Le rapport de la Cour des comptes sur la gestion de la Covid19
Requise par le gouvernement, la Cour des comptes a audité la gestion 2020 du Fonds de riposte et de solidarité Covid-19 (FRSC) créé par ordonnance n°2020-002 du 11 mai 2020 et doté d’un montant de 400 milliards mobilisable sur plusieurs années.
Dans un rapport de 86 pages, la Cour relève des anomalies dans la gestion de 180 milliards FCFA mobilisée pour l’année 2020.
Pour la Cour, il y a eu la non-conformité de la nomination et des modalités de fonctionnement de la gestion d’avance de la CNGR Covid19, des insuffisances dans l’application des textes relatifs et l’exécution de dépenses dans le non-respect des règles de procédure de contrôle et de justification en matière de la dépense publique.

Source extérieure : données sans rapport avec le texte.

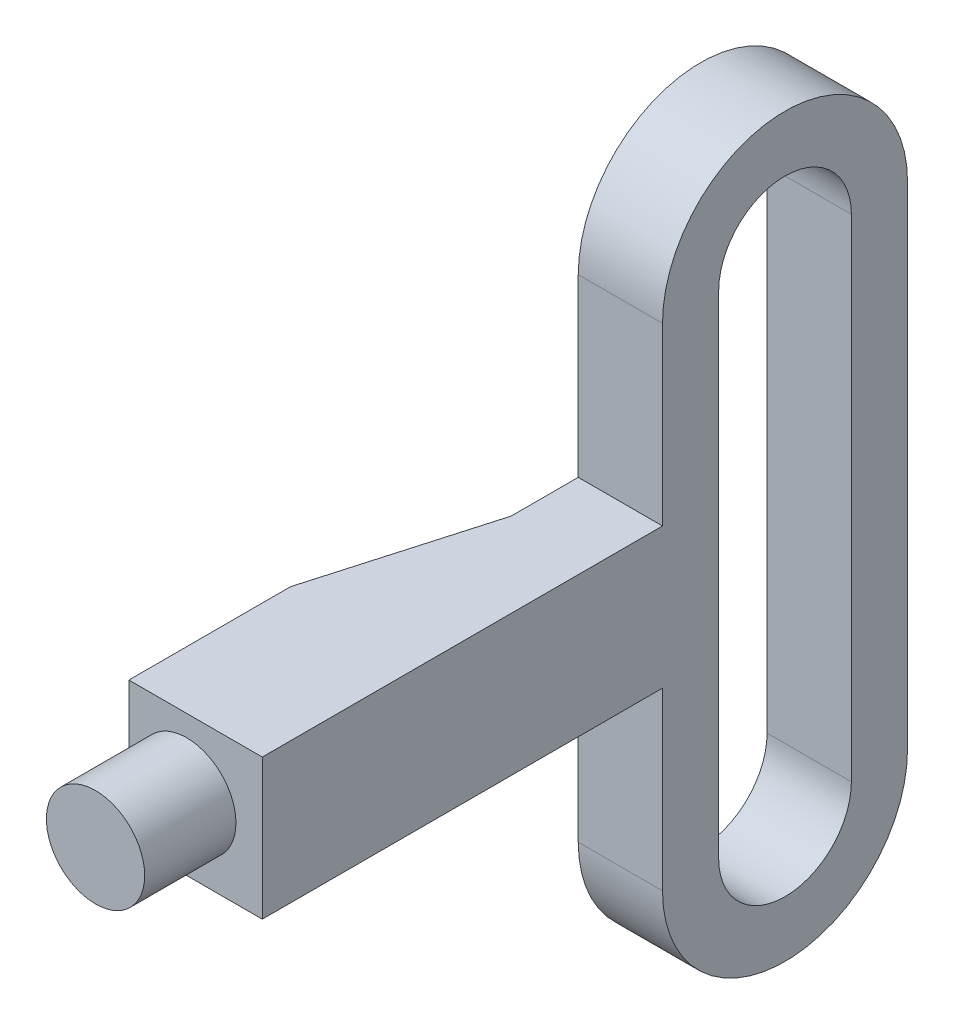
ISO-10303-21;
HEADER;
FILE_DESCRIPTION(('STEP AP214'),'2;1');
FILE_NAME('part.step','',(''),(''),'','','');
FILE_SCHEMA(('AUTOMOTIVE_DESIGN { 1 0 10303 214 1 1 1 1 }'));
ENDSEC;
DATA;
#1=APPLICATION_CONTEXT('core data for automotive mechanical design processes');
#2=APPLICATION_PROTOCOL_DEFINITION('international standard','automotive_design',2000,#1);
#3=PRODUCT_CONTEXT('',#1,'mechanical');
#4=PRODUCT('Part','Part','',(#3));
#5=PRODUCT_RELATED_PRODUCT_CATEGORY('part','',(#4));
#6=PRODUCT_DEFINITION_FORMATION('','',#4);
#7=PRODUCT_DEFINITION_CONTEXT('part definition',#1,'design');
#8=PRODUCT_DEFINITION('design','',#6,#7);
#9=PRODUCT_DEFINITION_SHAPE('','',#8);
#10=(LENGTH_UNIT() NAMED_UNIT(*) SI_UNIT(.MILLI.,.METRE.));
#11=(NAMED_UNIT(*) PLANE_ANGLE_UNIT() SI_UNIT($,.RADIAN.));
#12=(NAMED_UNIT(*) SI_UNIT($,.STERADIAN.) SOLID_ANGLE_UNIT());
#13=UNCERTAINTY_MEASURE_WITH_UNIT(LENGTH_MEASURE(1.E-05),#10,'distance_accuracy_value','');
#14=(GEOMETRIC_REPRESENTATION_CONTEXT(3) GLOBAL_UNCERTAINTY_ASSIGNED_CONTEXT((#13)) GLOBAL_UNIT_ASSIGNED_CONTEXT((#10,
#11,#12)) REPRESENTATION_CONTEXT('',''));
#15=CARTESIAN_POINT('',(0.,0.,0.));
#16=DIRECTION('',(0.,0.,1.));
#17=DIRECTION('',(1.,0.,0.));
#18=AXIS2_PLACEMENT_3D('',#15,#16,#17);
#19=CARTESIAN_POINT('',(24.13,44.45,0.));
#20=DIRECTION('',(-1.,0.,0.));
#21=DIRECTION('',(0.,0.,1.));
#22=AXIS2_PLACEMENT_3D('',#19,#20,#21);
#23=CYLINDRICAL_SURFACE('',#22,12.);
#24=DIRECTION('',(-1.,0.,0.));
#25=VECTOR('',#24,1.);
#26=CARTESIAN_POINT('',(24.13,44.45,12.));
#27=LINE('',#26,#25);
#28=CARTESIAN_POINT('',(24.13,44.45,12.));
#29=VERTEX_POINT('',#28);
#30=CARTESIAN_POINT('',(8.89,44.45,12.));
#31=VERTEX_POINT('',#30);
#32=EDGE_CURVE('E157',#29,#31,#27,.T.);
#33=ORIENTED_EDGE('',*,*,#32,.T.);
#34=CARTESIAN_POINT('',(8.89,44.45,0.));
#35=DIRECTION('',(-1.,0.,0.));
#36=DIRECTION('',(0.,0.,1.));
#37=AXIS2_PLACEMENT_3D('',#34,#35,#36);
#38=CIRCLE('',#37,12.);
#39=CARTESIAN_POINT('',(8.89,44.45,-12.));
#40=VERTEX_POINT('',#39);
#41=EDGE_CURVE('E137',#31,#40,#38,.T.);
#42=ORIENTED_EDGE('',*,*,#41,.T.);
#43=DIRECTION('',(-1.,0.,0.));
#44=VECTOR('',#43,1.);
#45=CARTESIAN_POINT('',(24.13,44.45,-12.));
#46=LINE('',#45,#44);
#47=CARTESIAN_POINT('',(24.13,44.45,-12.));
#48=VERTEX_POINT('',#47);
#49=EDGE_CURVE('E143',#48,#40,#46,.T.);
#50=ORIENTED_EDGE('',*,*,#49,.F.);
#51=CARTESIAN_POINT('',(24.13,44.45,0.));
#52=DIRECTION('',(1.,0.,0.));
#53=DIRECTION('',(0.,0.,-1.));
#54=AXIS2_PLACEMENT_3D('',#51,#52,#53);
#55=CIRCLE('',#54,12.);
#56=EDGE_CURVE('E239',#48,#29,#55,.T.);
#57=ORIENTED_EDGE('',*,*,#56,.T.);
#58=EDGE_LOOP('',(#33,#42,#50,#57));
#59=FACE_BOUND('',#58,.T.);
#60=ADVANCED_FACE('F35',(#59),#23,.F.);
#61=CARTESIAN_POINT('',(24.13,0.,-12.));
#62=DIRECTION('',(0.,0.,1.));
#63=DIRECTION('',(0.,-1.,0.));
#64=AXIS2_PLACEMENT_3D('',#61,#62,#63);
#65=PLANE('',#64);
#66=ORIENTED_EDGE('',*,*,#49,.T.);
#67=DIRECTION('',(0.,-1.,0.));
#68=VECTOR('',#67,1.);
#69=CARTESIAN_POINT('',(8.89,0.,-12.));
#70=LINE('',#69,#68);
#71=CARTESIAN_POINT('',(8.89,-44.45,-12.));
#72=VERTEX_POINT('',#71);
#73=EDGE_CURVE('E152',#40,#72,#70,.T.);
#74=ORIENTED_EDGE('',*,*,#73,.T.);
#75=DIRECTION('',(-1.,0.,0.));
#76=VECTOR('',#75,1.);
#77=CARTESIAN_POINT('',(24.13,-44.45,-12.));
#78=LINE('',#77,#76);
#79=CARTESIAN_POINT('',(24.13,-44.45,-12.));
#80=VERTEX_POINT('',#79);
#81=EDGE_CURVE('E151',#80,#72,#78,.T.);
#82=ORIENTED_EDGE('',*,*,#81,.F.);
#83=DIRECTION('',(0.,1.,0.));
#84=VECTOR('',#83,1.);
#85=CARTESIAN_POINT('',(24.13,0.,-12.));
#86=LINE('',#85,#84);
#87=EDGE_CURVE('E242',#80,#48,#86,.T.);
#88=ORIENTED_EDGE('',*,*,#87,.T.);
#89=EDGE_LOOP('',(#66,#74,#82,#88));
#90=FACE_BOUND('',#89,.T.);
#91=ADVANCED_FACE('F292',(#90),#65,.T.);
#92=CARTESIAN_POINT('',(24.13,-44.45,0.));
#93=DIRECTION('',(-1.,0.,0.));
#94=DIRECTION('',(0.,0.,1.));
#95=AXIS2_PLACEMENT_3D('',#92,#93,#94);
#96=CYLINDRICAL_SURFACE('',#95,12.);
#97=ORIENTED_EDGE('',*,*,#81,.T.);
#98=CARTESIAN_POINT('',(8.89,-44.45,0.));
#99=DIRECTION('',(-1.,0.,0.));
#100=DIRECTION('',(0.,0.,1.));
#101=AXIS2_PLACEMENT_3D('',#98,#99,#100);
#102=CIRCLE('',#101,12.);
#103=CARTESIAN_POINT('',(8.89,-44.45,12.));
#104=VERTEX_POINT('',#103);
#105=EDGE_CURVE('E134',#72,#104,#102,.T.);
#106=ORIENTED_EDGE('',*,*,#105,.T.);
#107=DIRECTION('',(-1.,0.,0.));
#108=VECTOR('',#107,1.);
#109=CARTESIAN_POINT('',(24.13,-44.45,12.));
#110=LINE('',#109,#108);
#111=CARTESIAN_POINT('',(24.13,-44.45,12.));
#112=VERTEX_POINT('',#111);
#113=EDGE_CURVE('E149',#112,#104,#110,.T.);
#114=ORIENTED_EDGE('',*,*,#113,.F.);
#115=CARTESIAN_POINT('',(24.13,-44.45,0.));
#116=DIRECTION('',(1.,0.,0.));
#117=DIRECTION('',(0.,0.,-1.));
#118=AXIS2_PLACEMENT_3D('',#115,#116,#117);
#119=CIRCLE('',#118,12.);
#120=EDGE_CURVE('E245',#112,#80,#119,.T.);
#121=ORIENTED_EDGE('',*,*,#120,.T.);
#122=EDGE_LOOP('',(#97,#106,#114,#121));
#123=FACE_BOUND('',#122,.T.);
#124=ADVANCED_FACE('F147',(#123),#96,.F.);
#125=CARTESIAN_POINT('',(24.13,0.,22.16));
#126=DIRECTION('',(0.,0.,1.));
#127=DIRECTION('',(0.,-1.,0.));
#128=AXIS2_PLACEMENT_3D('',#125,#126,#127);
#129=PLANE('',#128);
#130=DIRECTION('',(-1.,0.,0.));
#131=VECTOR('',#130,1.);
#132=CARTESIAN_POINT('',(24.13,-12.7,22.16));
#133=LINE('',#132,#131);
#134=CARTESIAN_POINT('',(24.13,-12.7,22.16));
#135=VERTEX_POINT('',#134);
#136=CARTESIAN_POINT('',(8.89,-12.7,22.16));
#137=VERTEX_POINT('',#136);
#138=EDGE_CURVE('E160',#135,#137,#133,.T.);
#139=ORIENTED_EDGE('',*,*,#138,.T.);
#140=DIRECTION('',(0.,-1.,0.));
#141=VECTOR('',#140,1.);
#142=CARTESIAN_POINT('',(8.89,0.,22.16));
#143=LINE('',#142,#141);
#144=CARTESIAN_POINT('',(8.89,-44.45,22.16));
#145=VERTEX_POINT('',#144);
#146=EDGE_CURVE('E202',#137,#145,#143,.T.);
#147=ORIENTED_EDGE('',*,*,#146,.T.);
#148=DIRECTION('',(-1.,0.,0.));
#149=VECTOR('',#148,1.);
#150=CARTESIAN_POINT('',(24.13,-44.45,22.16));
#151=LINE('',#150,#149);
#152=CARTESIAN_POINT('',(24.13,-44.45,22.16));
#153=VERTEX_POINT('',#152);
#154=EDGE_CURVE('E178',#153,#145,#151,.T.);
#155=ORIENTED_EDGE('',*,*,#154,.F.);
#156=DIRECTION('',(0.,1.,0.));
#157=VECTOR('',#156,1.);
#158=CARTESIAN_POINT('',(24.13,0.,22.16));
#159=LINE('',#158,#157);
#160=EDGE_CURVE('E226',#153,#135,#159,.T.);
#161=ORIENTED_EDGE('',*,*,#160,.T.);
#162=EDGE_LOOP('',(#139,#147,#155,#161));
#163=FACE_BOUND('',#162,.T.);
#164=ADVANCED_FACE('F261',(#163),#129,.T.);
#165=CARTESIAN_POINT('',(24.13,-44.45,0.));
#166=DIRECTION('',(-1.,0.,0.));
#167=DIRECTION('',(0.,0.,1.));
#168=AXIS2_PLACEMENT_3D('',#165,#166,#167);
#169=CYLINDRICAL_SURFACE('',#168,22.16);
#170=CARTESIAN_POINT('',(8.89,-44.45,0.));
#171=DIRECTION('',(-1.,0.,0.));
#172=DIRECTION('',(0.,0.,1.));
#173=AXIS2_PLACEMENT_3D('',#170,#171,#172);
#174=CIRCLE('',#173,22.16);
#175=CARTESIAN_POINT('',(8.89,-44.45,-22.16));
#176=VERTEX_POINT('',#175);
#177=EDGE_CURVE('E269',#176,#145,#174,.T.);
#178=ORIENTED_EDGE('',*,*,#177,.F.);
#179=DIRECTION('',(-1.,0.,0.));
#180=VECTOR('',#179,1.);
#181=CARTESIAN_POINT('',(24.13,-44.45,-22.16));
#182=LINE('',#181,#180);
#183=CARTESIAN_POINT('',(24.13,-44.45,-22.16));
#184=VERTEX_POINT('',#183);
#185=EDGE_CURVE('E175',#184,#176,#182,.T.);
#186=ORIENTED_EDGE('',*,*,#185,.F.);
#187=CARTESIAN_POINT('',(24.13,-44.45,0.));
#188=DIRECTION('',(1.,0.,0.));
#189=DIRECTION('',(0.,0.,-1.));
#190=AXIS2_PLACEMENT_3D('',#187,#188,#189);
#191=CIRCLE('',#190,22.16);
#192=EDGE_CURVE('E229',#153,#184,#191,.T.);
#193=ORIENTED_EDGE('',*,*,#192,.F.);
#194=ORIENTED_EDGE('',*,*,#154,.T.);
#195=EDGE_LOOP('',(#178,#186,#193,#194));
#196=FACE_BOUND('',#195,.T.);
#197=ADVANCED_FACE('F268',(#196),#169,.T.);
#198=CARTESIAN_POINT('',(24.13,0.,-22.16));
#199=DIRECTION('',(0.,0.,1.));
#200=DIRECTION('',(0.,-1.,0.));
#201=AXIS2_PLACEMENT_3D('',#198,#199,#200);
#202=PLANE('',#201);
#203=DIRECTION('',(0.,-1.,0.));
#204=VECTOR('',#203,1.);
#205=CARTESIAN_POINT('',(8.89,0.,-22.16));
#206=LINE('',#205,#204);
#207=CARTESIAN_POINT('',(8.89,44.45,-22.16));
#208=VERTEX_POINT('',#207);
#209=EDGE_CURVE('E274',#208,#176,#206,.T.);
#210=ORIENTED_EDGE('',*,*,#209,.F.);
#211=DIRECTION('',(-1.,0.,0.));
#212=VECTOR('',#211,1.);
#213=CARTESIAN_POINT('',(24.13,44.45,-22.16));
#214=LINE('',#213,#212);
#215=CARTESIAN_POINT('',(24.13,44.45,-22.16));
#216=VERTEX_POINT('',#215);
#217=EDGE_CURVE('E172',#216,#208,#214,.T.);
#218=ORIENTED_EDGE('',*,*,#217,.F.);
#219=DIRECTION('',(0.,1.,0.));
#220=VECTOR('',#219,1.);
#221=CARTESIAN_POINT('',(24.13,0.,-22.16));
#222=LINE('',#221,#220);
#223=EDGE_CURVE('E232',#184,#216,#222,.T.);
#224=ORIENTED_EDGE('',*,*,#223,.F.);
#225=ORIENTED_EDGE('',*,*,#185,.T.);
#226=EDGE_LOOP('',(#210,#218,#224,#225));
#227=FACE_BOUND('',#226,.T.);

De même, le rapport atteste que les opérations financières sont effectuées dans le non-respect des modes de paiement requis, des rémunérations sans aucune base juridique payées aux membres des comités et à certains personnels dits d’appui et la gestion du FRSC souffre d’une absence de coordination entre les actions des différents institutions, ministères, coordinations et comités.
Le rapport déplore en outre : «Des marchés non encore réceptionnés malgré l’expiration des délais d’exécution », « Marchés exécutés avec retard ou non exécutés à la date de clôture de l’audit », « Etablissement de procès-verbaux non conformes aux documents de la commande », « Le non reversement du reliquat des transferts dans les caisses de l’Etat », « Paiement des transferts monétaires aux personnes inéligibles au démarrage de l’opération », « Manque de suivi des opérations de transferts monétaires Novissi », « Non-respect de la procédure de reddition des comptes prévue par le décret N° N°2020-053/PR » et « Paiement de dépenses sans base juridique » entre autres.
Par ailleurs les chiffres disponibles parlent de plus de 9,2 milliards de francs CFA dépensés pour l’achat de 31.500 tonnes de riz, 9, 9 millions pour l’achat de gels et de masques pour les chauffeurs et plus de 36 millions pour l’achat du haricot et d’huile végétale. Les cas similaires sont légions.
Dans toutes ces opérations, une absence d’appel d’offre, de contrat et bon de commande. Seuls les factures et les ordres de paiements ont été présentés aux auditeurs.
Dans ses conclusions, la Cour des comptes affirme que les ressources mobilisées à travers le FRSC sont « utilisées conformément aux clauses des accords de dons et de prêts d’une part, et dans le respect des textes en vigueur et de ceux pris dans le contexte d’urgence sanitaire d’autre part. »
Mais l’opinion n’est visiblement pas convaincue et le débat sur le contenu du rapport va bon train.